##### SUPPLIED DATA #####

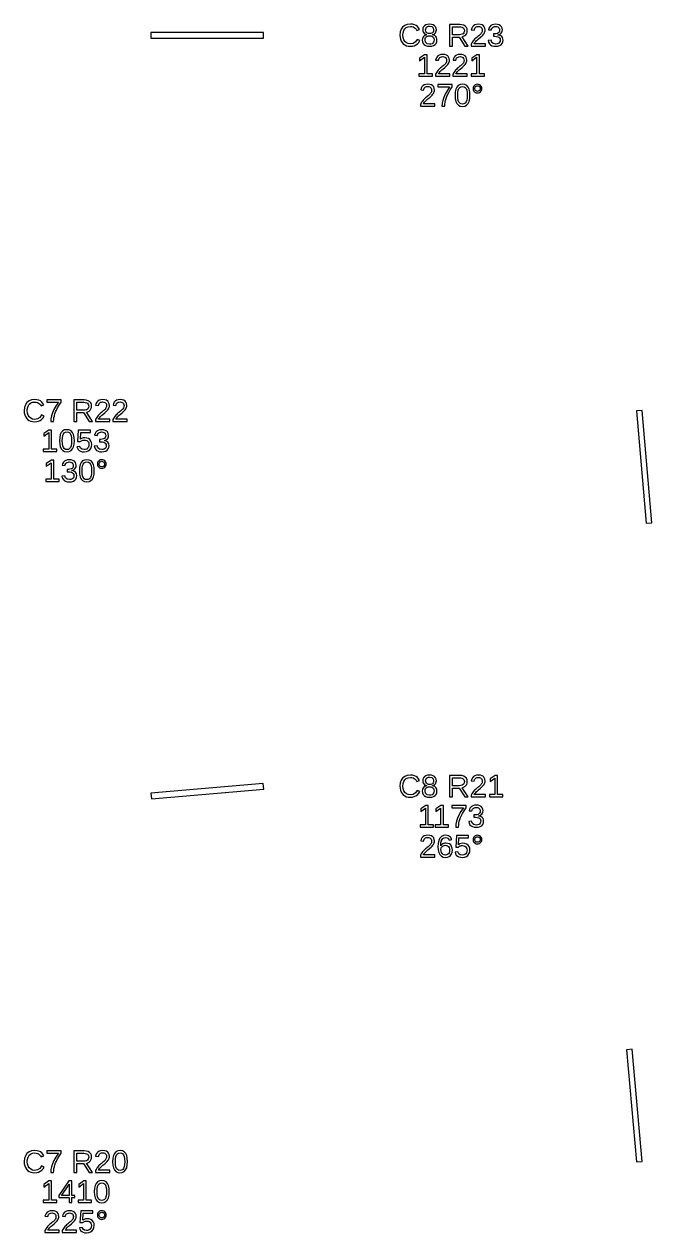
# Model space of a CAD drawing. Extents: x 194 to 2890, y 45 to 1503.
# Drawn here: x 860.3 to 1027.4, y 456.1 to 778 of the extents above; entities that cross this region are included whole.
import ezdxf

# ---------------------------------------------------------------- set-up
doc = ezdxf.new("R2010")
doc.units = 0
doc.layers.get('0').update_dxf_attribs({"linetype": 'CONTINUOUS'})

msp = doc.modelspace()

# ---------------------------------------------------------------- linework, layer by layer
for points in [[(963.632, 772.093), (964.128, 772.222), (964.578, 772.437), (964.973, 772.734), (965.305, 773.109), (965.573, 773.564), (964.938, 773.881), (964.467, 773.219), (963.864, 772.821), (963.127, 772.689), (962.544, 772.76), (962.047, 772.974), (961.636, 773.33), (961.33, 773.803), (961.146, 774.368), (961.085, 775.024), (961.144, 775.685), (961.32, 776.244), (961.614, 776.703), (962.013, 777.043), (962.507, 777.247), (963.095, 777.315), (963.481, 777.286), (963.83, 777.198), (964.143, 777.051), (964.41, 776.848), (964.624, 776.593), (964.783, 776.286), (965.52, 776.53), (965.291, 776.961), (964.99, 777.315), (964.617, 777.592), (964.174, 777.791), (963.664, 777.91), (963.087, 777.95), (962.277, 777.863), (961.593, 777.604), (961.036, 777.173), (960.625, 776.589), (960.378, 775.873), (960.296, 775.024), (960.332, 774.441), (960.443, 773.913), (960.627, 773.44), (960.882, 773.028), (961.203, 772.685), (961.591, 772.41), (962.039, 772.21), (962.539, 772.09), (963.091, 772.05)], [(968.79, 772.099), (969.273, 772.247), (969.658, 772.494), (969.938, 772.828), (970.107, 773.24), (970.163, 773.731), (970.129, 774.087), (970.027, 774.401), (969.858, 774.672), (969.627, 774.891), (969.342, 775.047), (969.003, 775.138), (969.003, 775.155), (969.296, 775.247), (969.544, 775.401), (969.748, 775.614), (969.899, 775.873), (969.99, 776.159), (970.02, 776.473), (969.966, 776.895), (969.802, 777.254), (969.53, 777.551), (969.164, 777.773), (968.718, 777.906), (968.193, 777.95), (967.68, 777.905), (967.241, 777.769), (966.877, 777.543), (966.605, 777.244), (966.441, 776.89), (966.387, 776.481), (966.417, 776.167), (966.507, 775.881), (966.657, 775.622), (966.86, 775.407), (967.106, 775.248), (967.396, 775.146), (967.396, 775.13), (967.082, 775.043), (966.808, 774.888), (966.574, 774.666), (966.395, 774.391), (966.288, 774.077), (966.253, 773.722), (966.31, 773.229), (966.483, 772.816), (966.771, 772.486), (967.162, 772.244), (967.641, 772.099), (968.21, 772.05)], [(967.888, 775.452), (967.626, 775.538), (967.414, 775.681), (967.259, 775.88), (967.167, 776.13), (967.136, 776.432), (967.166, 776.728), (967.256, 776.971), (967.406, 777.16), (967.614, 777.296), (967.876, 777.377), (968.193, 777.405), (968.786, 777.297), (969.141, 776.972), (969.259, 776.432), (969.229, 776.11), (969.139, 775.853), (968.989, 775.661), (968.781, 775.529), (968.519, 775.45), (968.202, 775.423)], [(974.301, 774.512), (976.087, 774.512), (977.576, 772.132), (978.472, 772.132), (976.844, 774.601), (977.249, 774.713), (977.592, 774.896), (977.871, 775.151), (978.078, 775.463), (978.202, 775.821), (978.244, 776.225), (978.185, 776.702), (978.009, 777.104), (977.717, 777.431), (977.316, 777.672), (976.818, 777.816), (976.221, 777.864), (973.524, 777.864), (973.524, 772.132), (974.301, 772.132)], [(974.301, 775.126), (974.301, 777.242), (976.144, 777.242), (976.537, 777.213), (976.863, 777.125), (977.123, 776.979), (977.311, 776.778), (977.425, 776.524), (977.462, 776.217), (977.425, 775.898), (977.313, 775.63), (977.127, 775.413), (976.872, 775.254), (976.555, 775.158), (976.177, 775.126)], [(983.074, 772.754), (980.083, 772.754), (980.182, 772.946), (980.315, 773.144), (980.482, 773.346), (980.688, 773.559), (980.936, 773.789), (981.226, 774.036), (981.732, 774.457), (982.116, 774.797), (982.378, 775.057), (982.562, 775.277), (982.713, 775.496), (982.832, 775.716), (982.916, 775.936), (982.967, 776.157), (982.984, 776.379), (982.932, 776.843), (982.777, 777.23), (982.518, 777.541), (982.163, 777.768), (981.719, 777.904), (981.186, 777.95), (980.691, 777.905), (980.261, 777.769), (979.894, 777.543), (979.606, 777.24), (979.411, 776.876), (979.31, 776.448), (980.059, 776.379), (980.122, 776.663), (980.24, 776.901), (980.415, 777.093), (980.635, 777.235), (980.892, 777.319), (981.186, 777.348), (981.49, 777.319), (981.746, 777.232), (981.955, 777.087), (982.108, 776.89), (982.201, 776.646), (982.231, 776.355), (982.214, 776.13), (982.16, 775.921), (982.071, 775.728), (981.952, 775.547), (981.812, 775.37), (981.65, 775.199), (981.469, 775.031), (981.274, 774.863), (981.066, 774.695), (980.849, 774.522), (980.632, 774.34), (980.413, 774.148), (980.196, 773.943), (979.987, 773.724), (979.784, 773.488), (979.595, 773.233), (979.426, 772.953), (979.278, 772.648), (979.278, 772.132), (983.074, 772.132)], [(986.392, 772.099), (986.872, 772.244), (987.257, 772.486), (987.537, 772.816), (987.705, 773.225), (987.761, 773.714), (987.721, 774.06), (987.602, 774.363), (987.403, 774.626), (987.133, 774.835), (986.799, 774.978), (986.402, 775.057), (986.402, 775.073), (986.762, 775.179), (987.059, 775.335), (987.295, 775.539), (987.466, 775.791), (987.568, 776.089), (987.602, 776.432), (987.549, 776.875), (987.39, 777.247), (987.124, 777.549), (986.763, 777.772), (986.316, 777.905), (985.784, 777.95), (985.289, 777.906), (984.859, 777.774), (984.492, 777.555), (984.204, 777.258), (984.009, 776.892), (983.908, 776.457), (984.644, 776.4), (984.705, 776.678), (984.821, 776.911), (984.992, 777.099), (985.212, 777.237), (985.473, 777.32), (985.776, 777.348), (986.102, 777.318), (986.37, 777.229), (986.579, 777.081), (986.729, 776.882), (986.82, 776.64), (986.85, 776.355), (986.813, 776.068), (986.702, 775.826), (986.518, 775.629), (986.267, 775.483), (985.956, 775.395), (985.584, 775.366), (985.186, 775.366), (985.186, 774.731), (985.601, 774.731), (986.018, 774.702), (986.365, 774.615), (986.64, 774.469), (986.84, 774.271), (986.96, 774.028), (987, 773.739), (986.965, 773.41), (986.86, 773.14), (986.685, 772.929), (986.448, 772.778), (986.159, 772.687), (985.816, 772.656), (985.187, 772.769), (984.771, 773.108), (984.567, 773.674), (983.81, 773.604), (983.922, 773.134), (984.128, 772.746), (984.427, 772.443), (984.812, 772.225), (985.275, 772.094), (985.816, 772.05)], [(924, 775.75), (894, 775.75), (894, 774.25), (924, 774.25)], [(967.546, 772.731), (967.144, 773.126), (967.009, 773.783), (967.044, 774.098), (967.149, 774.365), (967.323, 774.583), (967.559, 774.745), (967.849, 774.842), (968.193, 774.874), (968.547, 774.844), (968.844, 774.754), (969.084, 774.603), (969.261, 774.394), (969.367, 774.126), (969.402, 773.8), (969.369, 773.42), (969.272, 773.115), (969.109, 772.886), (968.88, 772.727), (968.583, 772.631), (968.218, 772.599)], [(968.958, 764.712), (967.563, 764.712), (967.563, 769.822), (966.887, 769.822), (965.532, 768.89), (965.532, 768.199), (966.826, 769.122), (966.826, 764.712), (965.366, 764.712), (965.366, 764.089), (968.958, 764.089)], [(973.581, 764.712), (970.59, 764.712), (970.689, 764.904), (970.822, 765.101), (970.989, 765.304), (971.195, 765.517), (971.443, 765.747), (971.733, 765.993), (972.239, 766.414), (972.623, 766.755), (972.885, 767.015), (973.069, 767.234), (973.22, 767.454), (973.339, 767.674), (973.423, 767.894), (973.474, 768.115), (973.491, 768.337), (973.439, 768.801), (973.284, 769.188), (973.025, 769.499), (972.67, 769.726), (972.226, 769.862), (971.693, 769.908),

#####

Reproduce exactly the lines of the records above from the one with "doc.units = 0" to the one with "layer by layer", both included, and leave out everything else.

doc.units = 0
doc.layers.get('0').update_dxf_attribs({"linetype": 'CONTINUOUS'})

msp = doc.modelspace()

# ---------------------------------------------------------------- linework, layer by layer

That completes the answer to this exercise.